[Records excerpted from a collection]

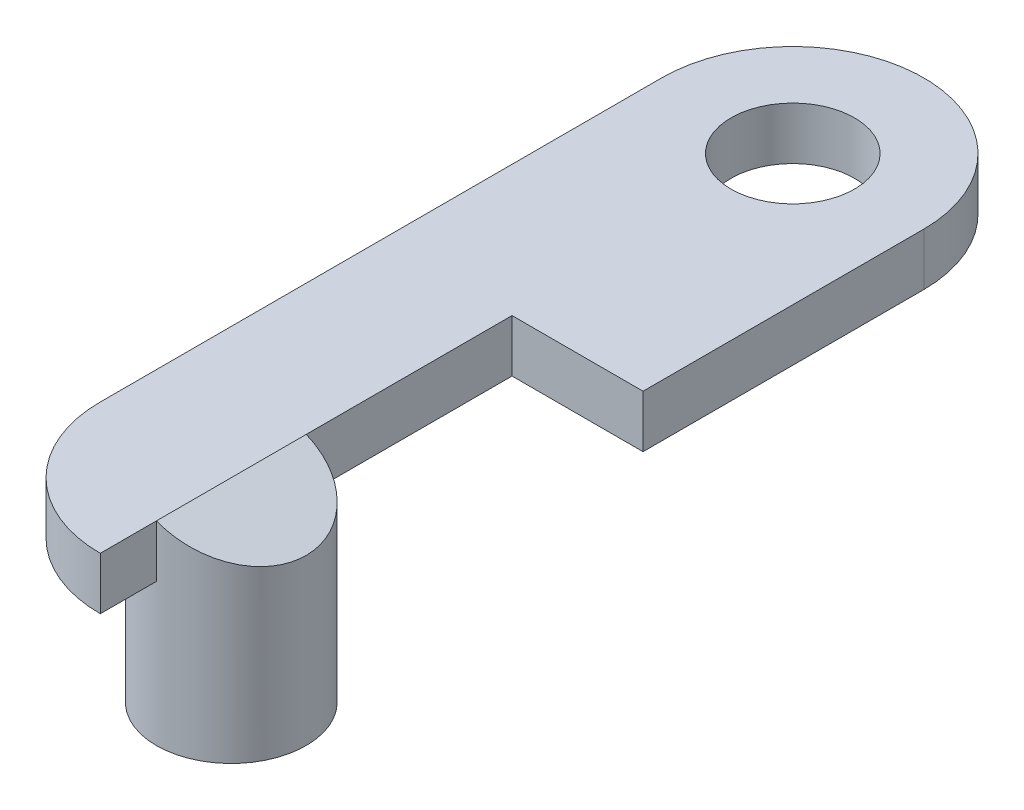
ISO-10303-21;
HEADER;
FILE_DESCRIPTION(('STEP AP214'),'2;1');
FILE_NAME('part.step','',(''),(''),'','','');
FILE_SCHEMA(('AUTOMOTIVE_DESIGN { 1 0 10303 214 1 1 1 1 }'));
ENDSEC;
DATA;
#1=APPLICATION_CONTEXT('core data for automotive mechanical design processes');
#2=APPLICATION_PROTOCOL_DEFINITION('international standard','automotive_design',2000,#1);
#3=PRODUCT_CONTEXT('',#1,'mechanical');
#4=PRODUCT('Part','Part','',(#3));
#5=PRODUCT_RELATED_PRODUCT_CATEGORY('part','',(#4));
#6=PRODUCT_DEFINITION_FORMATION('','',#4);
#7=PRODUCT_DEFINITION_CONTEXT('part definition',#1,'design');
#8=PRODUCT_DEFINITION('design','',#6,#7);
#9=PRODUCT_DEFINITION_SHAPE('','',#8);
#10=(LENGTH_UNIT() NAMED_UNIT(*) SI_UNIT(.MILLI.,.METRE.));
#11=(NAMED_UNIT(*) PLANE_ANGLE_UNIT() SI_UNIT($,.RADIAN.));
#12=(NAMED_UNIT(*) SI_UNIT($,.STERADIAN.) SOLID_ANGLE_UNIT());
#13=UNCERTAINTY_MEASURE_WITH_UNIT(LENGTH_MEASURE(1.E-05),#10,'distance_accuracy_value','');
#14=(GEOMETRIC_REPRESENTATION_CONTEXT(3) GLOBAL_UNCERTAINTY_ASSIGNED_CONTEXT((#13)) GLOBAL_UNIT_ASSIGNED_CONTEXT((#10,
#11,#12)) REPRESENTATION_CONTEXT('',''));
#15=CARTESIAN_POINT('',(0.,0.,0.));
#16=DIRECTION('',(0.,0.,1.));
#17=DIRECTION('',(1.,0.,0.));
#18=AXIS2_PLACEMENT_3D('',#15,#16,#17);
#19=CARTESIAN_POINT('',(0.,3.8,0.));
#20=DIRECTION('',(0.,-1.,0.));
#21=DIRECTION('',(0.,0.,-1.));
#22=AXIS2_PLACEMENT_3D('',#19,#20,#21);
#23=CYLINDRICAL_SURFACE('',#22,2.);
#24=CARTESIAN_POINT('',(0.,0.,0.));
#25=DIRECTION('',(0.,1.,0.));
#26=DIRECTION('',(0.,0.,1.));
#27=AXIS2_PLACEMENT_3D('',#24,#25,#26);
#28=CIRCLE('',#27,2.);
#29=CARTESIAN_POINT('',(0.,0.,2.));
#30=VERTEX_POINT('',#29);
#31=EDGE_CURVE('E39',#30,#30,#28,.T.);
#32=ORIENTED_EDGE('',*,*,#31,.T.);
#33=EDGE_LOOP('',(#32));
#34=FACE_BOUND('',#33,.T.);
#35=CARTESIAN_POINT('',(0.,5.2,0.));
#36=DIRECTION('',(0.371390676354104,0.928476690885259,0.));
#37=DIRECTION('',(0.92847669088526,-0.371390676354104,0.));
#38=AXIS2_PLACEMENT_3D('',#35,#36,#37);
#39=ELLIPSE('',#38,2.1540659228538,2.);
#40=CARTESIAN_POINT('',(0.,5.2,2.));
#41=VERTEX_POINT('',#40);
#42=CARTESIAN_POINT('',(0.,5.2,-2.));
#43=VERTEX_POINT('',#42);
#44=EDGE_CURVE('E112',#41,#43,#39,.T.);
#45=ORIENTED_EDGE('',*,*,#44,.F.);
#46=DIRECTION('',(0.,-1.,0.));
#47=VECTOR('',#46,1.);
#48=CARTESIAN_POINT('',(0.,5.2,2.));
#49=LINE('',#48,#47);
#50=CARTESIAN_POINT('',(0.,3.8,2.));
#51=VERTEX_POINT('',#50);
#52=EDGE_CURVE('E120',#41,#51,#49,.T.);
#53=ORIENTED_EDGE('',*,*,#52,.T.);
#54=CARTESIAN_POINT('',(0.,3.8,0.));
#55=DIRECTION('',(0.,1.,0.));
#56=DIRECTION('',(0.,0.,1.));
#57=AXIS2_PLACEMENT_3D('',#54,#55,#56);
#58=CIRCLE('',#57,2.);
#59=CARTESIAN_POINT('',(0.,3.8,-2.));
#60=VERTEX_POINT('',#59);
#61=EDGE_CURVE('E11',#60,#51,#58,.T.);
#62=ORIENTED_EDGE('',*,*,#61,.F.);
#63=DIRECTION('',(0.,-1.,0.));
#64=VECTOR('',#63,1.);
#65=CARTESIAN_POINT('',(0.,5.2,-2.));
#66=LINE('',#65,#64);
#67=EDGE_CURVE('E122',#43,#60,#66,.T.);
#68=ORIENTED_EDGE('',*,*,#67,.F.);
#69=EDGE_LOOP('',(#45,#53,#62,#68));
#70=FACE_BOUND('',#69,.T.);
#71=ADVANCED_FACE('F36',(#34,#70),#23,.T.);
#72=CARTESIAN_POINT('',(0.,5.2,0.));
#73=DIRECTION('',(0.,1.,0.));
#74=DIRECTION('',(0.,0.,1.));
#75=AXIS2_PLACEMENT_3D('',#72,#73,#74);
#76=PLANE('',#75);
#77=CARTESIAN_POINT('',(0.,5.2,-15.));
#78=DIRECTION('',(0.,1.,0.));
#79=DIRECTION('',(0.,0.,1.));
#80=AXIS2_PLACEMENT_3D('',#77,#78,#79);
#81=CIRCLE('',#80,1.65);
#82=CARTESIAN_POINT('',(0.,5.2,-13.35));
#83=VERTEX_POINT('',#82);
#84=EDGE_CURVE('E154',#83,#83,#81,.T.);
#85=ORIENTED_EDGE('',*,*,#84,.F.);
#86=EDGE_LOOP('',(#85));
#87=FACE_BOUND('',#86,.T.);
#88=DIRECTION('',(0.,0.,-1.));
#89=VECTOR('',#88,1.);
#90=CARTESIAN_POINT('',(0.,5.2,3.5));
#91=LINE('',#90,#89);
#92=CARTESIAN_POINT('',(0.,5.2,3.5));
#93=VERTEX_POINT('',#92);
#94=EDGE_CURVE('E128',#93,#41,#91,.T.);
#95=ORIENTED_EDGE('',*,*,#94,.T.);
#96=DIRECTION('',(0.,0.,-1.));
#97=VECTOR('',#96,1.);
#98=CARTESIAN_POINT('',(0.,5.2,3.5));
#99=LINE('',#98,#97);
#100=EDGE_CURVE('E109',#41,#43,#99,.T.);
#101=ORIENTED_EDGE('',*,*,#100,.T.);
#102=DIRECTION('',(0.,0.,-1.));
#103=VECTOR('',#102,1.);
#104=CARTESIAN_POINT('',(0.,5.2,-2.));
#105=LINE('',#104,#103);
#106=CARTESIAN_POINT('',(0.,5.2,-7.5));
#107=VERTEX_POINT('',#106);
#108=EDGE_CURVE('E136',#43,#107,#105,.T.);
#109=ORIENTED_EDGE('',*,*,#108,.T.);
#110=DIRECTION('',(1.,0.,0.));
#111=VECTOR('',#110,1.);
#112=CARTESIAN_POINT('',(0.,5.2,-7.5));
#113=LINE('',#112,#111);
#114=CARTESIAN_POINT('',(3.5,5.2,-7.5));
#115=VERTEX_POINT('',#114);
#116=EDGE_CURVE('E138',#107,#115,#113,.T.);
#117=ORIENTED_EDGE('',*,*,#116,.T.);
#118=DIRECTION('',(0.,0.,-1.));
#119=VECTOR('',#118,1.);
#120=CARTESIAN_POINT('',(3.5,5.2,0.));
#121=LINE('',#120,#119);
#122=CARTESIAN_POINT('',(3.5,5.2,-15.));
#123=VERTEX_POINT('',#122);
#124=EDGE_CURVE('E81',#115,#123,#121,.T.);
#125=ORIENTED_EDGE('',*,*,#124,.T.);
#126=CARTESIAN_POINT('',(0.,5.2,-15.));
#127=DIRECTION('',(0.,1.,0.));
#128=DIRECTION('',(0.,0.,1.));
#129=AXIS2_PLACEMENT_3D('',#126,#127,#128);
#130=CIRCLE('',#129,3.5);
#131=CARTESIAN_POINT('',(-3.5,5.2,-15.));
#132=VERTEX_POINT('',#131);
#133=EDGE_CURVE('E162',#123,#132,#130,.T.);
#134=ORIENTED_EDGE('',*,*,#133,.T.);
#135=DIRECTION('',(0.,0.,1.));
#136=VECTOR('',#135,1.);
#137=CARTESIAN_POINT('',(-3.5,5.2,0.));
#138=LINE('',#137,#136);
#139=CARTESIAN_POINT('',(-3.5,5.2,0.));
#140=VERTEX_POINT('',#139);
#141=EDGE_CURVE('E59',#132,#140,#138,.T.);
#142=ORIENTED_EDGE('',*,*,#141,.T.);
#143=CARTESIAN_POINT('',(0.,5.2,0.));
#144=DIRECTION('',(0.,1.,0.));
#145=DIRECTION('',(0.,0.,1.));
#146=AXIS2_PLACEMENT_3D('',#143,#144,#145);
#147=CIRCLE('',#146,3.5);
#148=EDGE_CURVE('E135',#140,#93,#147,.T.);
#149=ORIENTED_EDGE('',*,*,#148,.T.);
#150=EDGE_LOOP('',(#95,#101,#109,#117,#125,#134,#142,#149));
#151=FACE_BOUND('',#150,.T.);
#152=ADVANCED_FACE('F133',(#87,#151),#76,.T.);
#153=CARTESIAN_POINT('',(0.,0.,0.));
#154=DIRECTION('',(0.,1.,0.));
#155=DIRECTION('',(0.,0.,1.));
#156=AXIS2_PLACEMENT_3D('',#153,#154,#155);
#157=PLANE('',#156);
#158=ORIENTED_EDGE('',*,*,#31,.F.);
#159=EDGE_LOOP('',(#158));
#160=FACE_BOUND('',#159,.T.);
#161=ADVANCED_FACE('F185',(#160),#157,.F.);
#162=CARTESIAN_POINT('',(0.,3.8,0.));
#163=DIRECTION('',(0.,1.,0.));
#164=DIRECTION('',(0.,0.,1.));
#165=AXIS2_PLACEMENT_3D('',#162,#163,#164);
#166=PLANE('',#165);
#167=DIRECTION('',(0.,0.,-1.));
#168=VECTOR('',#167,1.);
#169=CARTESIAN_POINT('',(3.5,3.8,0.));
#170=LINE('',#169,#168);
#171=CARTESIAN_POINT('',(3.5,3.8,-7.5));
#172=VERTEX_POINT('',#171);
#173=CARTESIAN_POINT('',(3.5,3.8,-15.));
#174=VERTEX_POINT('',#173);
#175=EDGE_CURVE('E168',#172,#174,#170,.T.);
#176=ORIENTED_EDGE('',*,*,#175,.F.);
#177=DIRECTION('',(1.,0.,0.));
#178=VECTOR('',#177,1.);
#179=CARTESIAN_POINT('',(0.,3.8,-7.5));
#180=LINE('',#179,#178);
#181=CARTESIAN_POINT('',(0.,3.8,-7.5));
#182=VERTEX_POINT('',#181);
#183=EDGE_CURVE('E50',#182,#172,#180,.T.);
#184=ORIENTED_EDGE('',*,*,#183,.F.);
#185=DIRECTION('',(0.,0.,-1.));
#186=VECTOR('',#185,1.);
#187=CARTESIAN_POINT('',(0.,3.8,-2.));
#188=LINE('',#187,#186);
#189=EDGE_CURVE('E140',#60,#182,#188,.T.);
#190=ORIENTED_EDGE('',*,*,#189,.F.);
#191=ORIENTED_EDGE('',*,*,#61,.T.);
#192=DIRECTION('',(0.,0.,-1.));
#193=VECTOR('',#192,1.);
#194=CARTESIAN_POINT('',(0.,3.8,3.5));
#195=LINE('',#194,#193);
#196=CARTESIAN_POINT('',(0.,3.8,3.5));
#197=VERTEX_POINT('',#196);
#198=EDGE_CURVE('E124',#197,#51,#195,.T.);
#199=ORIENTED_EDGE('',*,*,#198,.F.);
#200=CARTESIAN_POINT('',(0.,3.8,0.));
#201=DIRECTION('',(0.,1.,0.));
#202=DIRECTION('',(0.,0.,1.));
#203=AXIS2_PLACEMENT_3D('',#200,#201,#202);
#204=CIRCLE('',#203,3.5);
#205=CARTESIAN_POINT('',(-3.5,3.8,0.));
#206=VERTEX_POINT('',#205);
#207=EDGE_CURVE('E157',#206,#197,#204,.T.);
#208=ORIENTED_EDGE('',*,*,#207,.F.);
#209=DIRECTION('',(0.,0.,1.));
#210=VECTOR('',#209,1.);
#211=CARTESIAN_POINT('',(-3.5,3.8,0.));
#212=LINE('',#211,#210);
#213=CARTESIAN_POINT('',(-3.5,3.8,-15.));
#214=VERTEX_POINT('',#213);
#215=EDGE_CURVE('E76',#214,#206,#212,.T.);
#216=ORIENTED_EDGE('',*,*,#215,.F.);
#217=CARTESIAN_POINT('',(0.,3.8,-15.));
#218=DIRECTION('',(0.,1.,0.));
#219=DIRECTION('',(0.,0.,1.));
#220=AXIS2_PLACEMENT_3D('',#217,#218,#219);
#221=CIRCLE('',#220,3.5);
#222=EDGE_CURVE('E170',#174,#214,#221,.T.);
#223=ORIENTED_EDGE('',*,*,#222,.F.);
#224=EDGE_LOOP('',(#176,#184,#190,#191,#199,#208,#216,#223));
#225=FACE_BOUND('',#224,.T.);
#226=CARTESIAN_POINT('',(0.,3.8,-15.));
#227=DIRECTION('',(0.,1.,0.));
#228=DIRECTION('',(0.,0.,1.));
#229=AXIS2_PLACEMENT_3D('',#226,#227,#228);
#230=CIRCLE('',#229,1.65);
#231=CARTESIAN_POINT('',(0.,3.8,-13.35));
#232=VERTEX_POINT('',#231);
#233=EDGE_CURVE('E149',#232,#232,#230,.T.);
#234=ORIENTED_EDGE('',*,*,#233,.T.);
#235=EDGE_LOOP('',(#234));
#236=FACE_BOUND('',#235,.T.);
#237=ADVANCED_FACE('F187',(#225,#236),#166,.F.);
#238=CARTESIAN_POINT('',(0.,5.2,0.));
#239=DIRECTION('',(0.,-1.,0.));
#240=DIRECTION('',(0.,0.,-1.));
#241=AXIS2_PLACEMENT_3D('',#238,#239,#240);
#242=CYLINDRICAL_SURFACE('',#241,3.5);
#243=ORIENTED_EDGE('',*,*,#207,.T.);
#244=DIRECTION('',(0.,-1.,0.));
#245=VECTOR('',#244,1.);
#246=CARTESIAN_POINT('',(0.,5.2,3.5));
#247=LINE('',#246,#245);
#248=EDGE_CURVE('E131',#93,#197,#247,.T.);
#249=ORIENTED_EDGE('',*,*,#248,.F.);
#250=ORIENTED_EDGE('',*,*,#148,.F.);
#251=DIRECTION('',(0.,-1.,0.));
#252=VECTOR('',#251,1.);
#253=CARTESIAN_POINT('',(-3.5,5.2,0.));
#254=LINE('',#253,#252);
#255=EDGE_CURVE('E165',#140,#206,#254,.T.);
#256=ORIENTED_EDGE('',*,*,#255,.T.);
#257=EDGE_LOOP('',(#243,#249,#250,#256));
#258=FACE_BOUND('',#257,.T.);
#259=ADVANCED_FACE('F192',(#258),#242,.T.);
#260=CARTESIAN_POINT('',(3.5,5.2,0.));
#261=DIRECTION('',(-1.,0.,0.));
#262=DIRECTION('',(0.,0.,1.));
#263=AXIS2_PLACEMENT_3D('',#260,#261,#262);
#264=PLANE('',#263);
#265=ORIENTED_EDGE('',*,*,#124,.F.);
#266=DIRECTION('',(0.,-1.,0.));
#267=VECTOR('',#266,1.);
#268=CARTESIAN_POINT('',(3.5,5.2,-7.5));
#269=LINE('',#268,#267);
#270=EDGE_CURVE('E147',#115,#172,#269,.T.);
#271=ORIENTED_EDGE('',*,*,#270,.T.);
#272=ORIENTED_EDGE('',*,*,#175,.T.);
#273=DIRECTION('',(0.,-1.,0.));
#274=VECTOR('',#273,1.);
#275=CARTESIAN_POINT('',(3.5,5.2,-15.));
#276=LINE('',#275,#274);
#277=EDGE_CURVE('E176',#123,#174,#276,.T.);
#278=ORIENTED_EDGE('',*,*,#277,.F.);
#279=EDGE_LOOP('',(#265,#271,#272,#278));
#280=FACE_BOUND('',#279,.T.);
#281=ADVANCED_FACE('F271',(#280),#264,.F.);
#282=CARTESIAN_POINT('',(0.,5.2,-15.));
#283=DIRECTION('',(0.,-1.,0.));
#284=DIRECTION('',(0.,0.,-1.));
#285=AXIS2_PLACEMENT_3D('',#282,#283,#284);
#286=CYLINDRICAL_SURFACE('',#285,3.5);
#287=ORIENTED_EDGE('',*,*,#222,.T.);
#288=DIRECTION('',(0.,-1.,0.));
#289=VECTOR('',#288,1.);
#290=CARTESIAN_POINT('',(-3.5,5.2,-15.));
#291=LINE('',#290,#289);
#292=EDGE_CURVE('E174',#132,#214,#291,.T.);
#293=ORIENTED_EDGE('',*,*,#292,.F.);
#294=ORIENTED_EDGE('',*,*,#133,.F.);
#295=ORIENTED_EDGE('',*,*,#277,.T.);
#296=EDGE_LOOP('',(#287,#293,#294,#295));
#297=FACE_BOUND('',#296,.T.);
#298=ADVANCED_FACE('F268',(#297),#286,.T.);
#299=CARTESIAN_POINT('',(-3.5,5.2,0.));
#300=DIRECTION('',(1.,0.,0.));
#301=DIRECTION('',(0.,0.,-1.));
#302=AXIS2_PLACEMENT_3D('',#299,#300,#301);
#303=PLANE('',#302);
#304=ORIENTED_EDGE('',*,*,#215,.T.);
#305=ORIENTED_EDGE('',*,*,#255,.F.);
#306=ORIENTED_EDGE('',*,*,#141,.F.);
#307=ORIENTED_EDGE('',*,*,#292,.T.);
#308=EDGE_LOOP('',(#304,#305,#306,#307));
#309=FACE_BOUND('',#308,.T.);
#310=ADVANCED_FACE('F263',(#309),#303,.F.);
#311=CARTESIAN_POINT('',(0.,5.2,-15.));
#312=DIRECTION('',(0.,-1.,0.));
#313=DIRECTION('',(0.,0.,-1.));
#314=AXIS2_PLACEMENT_3D('',#311,#312,#313);
#315=CYLINDRICAL_SURFACE('',#314,1.65);
#316=ORIENTED_EDGE('',*,*,#84,.T.);
#317=EDGE_LOOP('',(#316));
#318=FACE_BOUND('',#317,.T.);
#319=ORIENTED_EDGE('',*,*,#233,.F.);
#320=EDGE_LOOP('',(#319));
#321=FACE_BOUND('',#320,.T.);
#322=ADVANCED_FACE('F218',(#318,#321),#315,.F.);
#323=CARTESIAN_POINT('',(0.,5.2,-7.5));
#324=DIRECTION('',(0.,0.,-1.));
#325=DIRECTION('',(-1.,0.,0.));
#326=AXIS2_PLACEMENT_3D('',#323,#324,#325);
#327=PLANE('',#326);
#328=ORIENTED_EDGE('',*,*,#116,.F.);
#329=DIRECTION('',(0.,-1.,0.));
#330=VECTOR('',#329,1.);
#331=CARTESIAN_POINT('',(0.,5.2,-7.5));
#332=LINE('',#331,#330);
#333=EDGE_CURVE('E150',#107,#182,#332,.T.);
#334=ORIENTED_EDGE('',*,*,#333,.T.);
#335=ORIENTED_EDGE('',*,*,#183,.T.);
#336=ORIENTED_EDGE('',*,*,#270,.F.);
#337=EDGE_LOOP('',(#328,#334,#335,#336));
#338=FACE_BOUND('',#337,.T.);
#339=ADVANCED_FACE('F212',(#338),#327,.F.);
#340=CARTESIAN_POINT('',(0.,5.2,-2.));
#341=DIRECTION('',(-1.,0.,0.));
#342=DIRECTION('',(0.,0.,1.));
#343=AXIS2_PLACEMENT_3D('',#340,#341,#342);
#344=PLANE('',#343);
#345=ORIENTED_EDGE('',*,*,#189,.T.);
#346=ORIENTED_EDGE('',*,*,#333,.F.);
#347=ORIENTED_EDGE('',*,*,#108,.F.);
#348=ORIENTED_EDGE('',*,*,#67,.T.);
#349=EDGE_LOOP('',(#345,#346,#347,#348));
#350=FACE_BOUND('',#349,.T.);
#351=ADVANCED_FACE('F217',(#350),#344,.F.);
#352=CARTESIAN_POINT('',(0.,5.2,3.5));
#353=DIRECTION('',(-1.,0.,0.));
#354=DIRECTION('',(0.,0.,1.));
#355=AXIS2_PLACEMENT_3D('',#352,#353,#354);
#356=PLANE('',#355);
#357=ORIENTED_EDGE('',*,*,#198,.T.);
#358=ORIENTED_EDGE('',*,*,#52,.F.);
#359=ORIENTED_EDGE('',*,*,#94,.F.);
#360=ORIENTED_EDGE('',*,*,#248,.T.);
#361=EDGE_LOOP('',(#357,#358,#359,#360));
#362=FACE_BOUND('',#361,.T.);
#363=ADVANCED_FACE('F127',(#362),#356,.F.);
#364=CARTESIAN_POINT('',(0.,5.2,3.5));
#365=DIRECTION('',(0.371390676354104,0.928476690885259,0.));
#366=DIRECTION('',(-0.92847669088526,0.371390676354104,0.));
#367=AXIS2_PLACEMENT_3D('',#364,#365,#366);
#368=PLANE('',#367);
#369=ORIENTED_EDGE('',*,*,#44,.T.);
#370=ORIENTED_EDGE('',*,*,#100,.F.);
#371=EDGE_LOOP('',(#369,#370));
#372=FACE_BOUND('',#371,.T.);
#373=ADVANCED_FACE('F111',(#372),#368,.T.);
#374=CLOSED_SHELL('',(#71,#152,#161,#237,#259,#281,#298,#310,#322,#339,#351,#363,#373));
#375=MANIFOLD_SOLID_BREP('B2',#374);
#376=ADVANCED_BREP_SHAPE_REPRESENTATION('',(#18,#375),#14);
#377=SHAPE_DEFINITION_REPRESENTATION(#9,#376);
ENDSEC;
END-ISO-10303-21;

Work instruction:
Could you restate, word for word, the lines above from the one with "#334=ORIENTED_EDGE('',*,*,#333,.T.);" to the one with "#348=ORIENTED_EDGE('',*,*,#67,.T.);", both included?

Response below:
#334=ORIENTED_EDGE('',*,*,#333,.T.);
#335=ORIENTED_EDGE('',*,*,#183,.T.);
#336=ORIENTED_EDGE('',*,*,#270,.F.);
#337=EDGE_LOOP('',(#328,#334,#335,#336));
#338=FACE_BOUND('',#337,.T.);
#339=ADVANCED_FACE('F212',(#338),#327,.F.);
#340=CARTESIAN_POINT('',(0.,5.2,-2.));
#341=DIRECTION('',(-1.,0.,0.));
#342=DIRECTION('',(0.,0.,1.));
#343=AXIS2_PLACEMENT_3D('',#340,#341,#342);
#344=PLANE('',#343);
#345=ORIENTED_EDGE('',*,*,#189,.T.);
#346=ORIENTED_EDGE('',*,*,#333,.F.);
#347=ORIENTED_EDGE('',*,*,#108,.F.);
#348=ORIENTED_EDGE('',*,*,#67,.T.);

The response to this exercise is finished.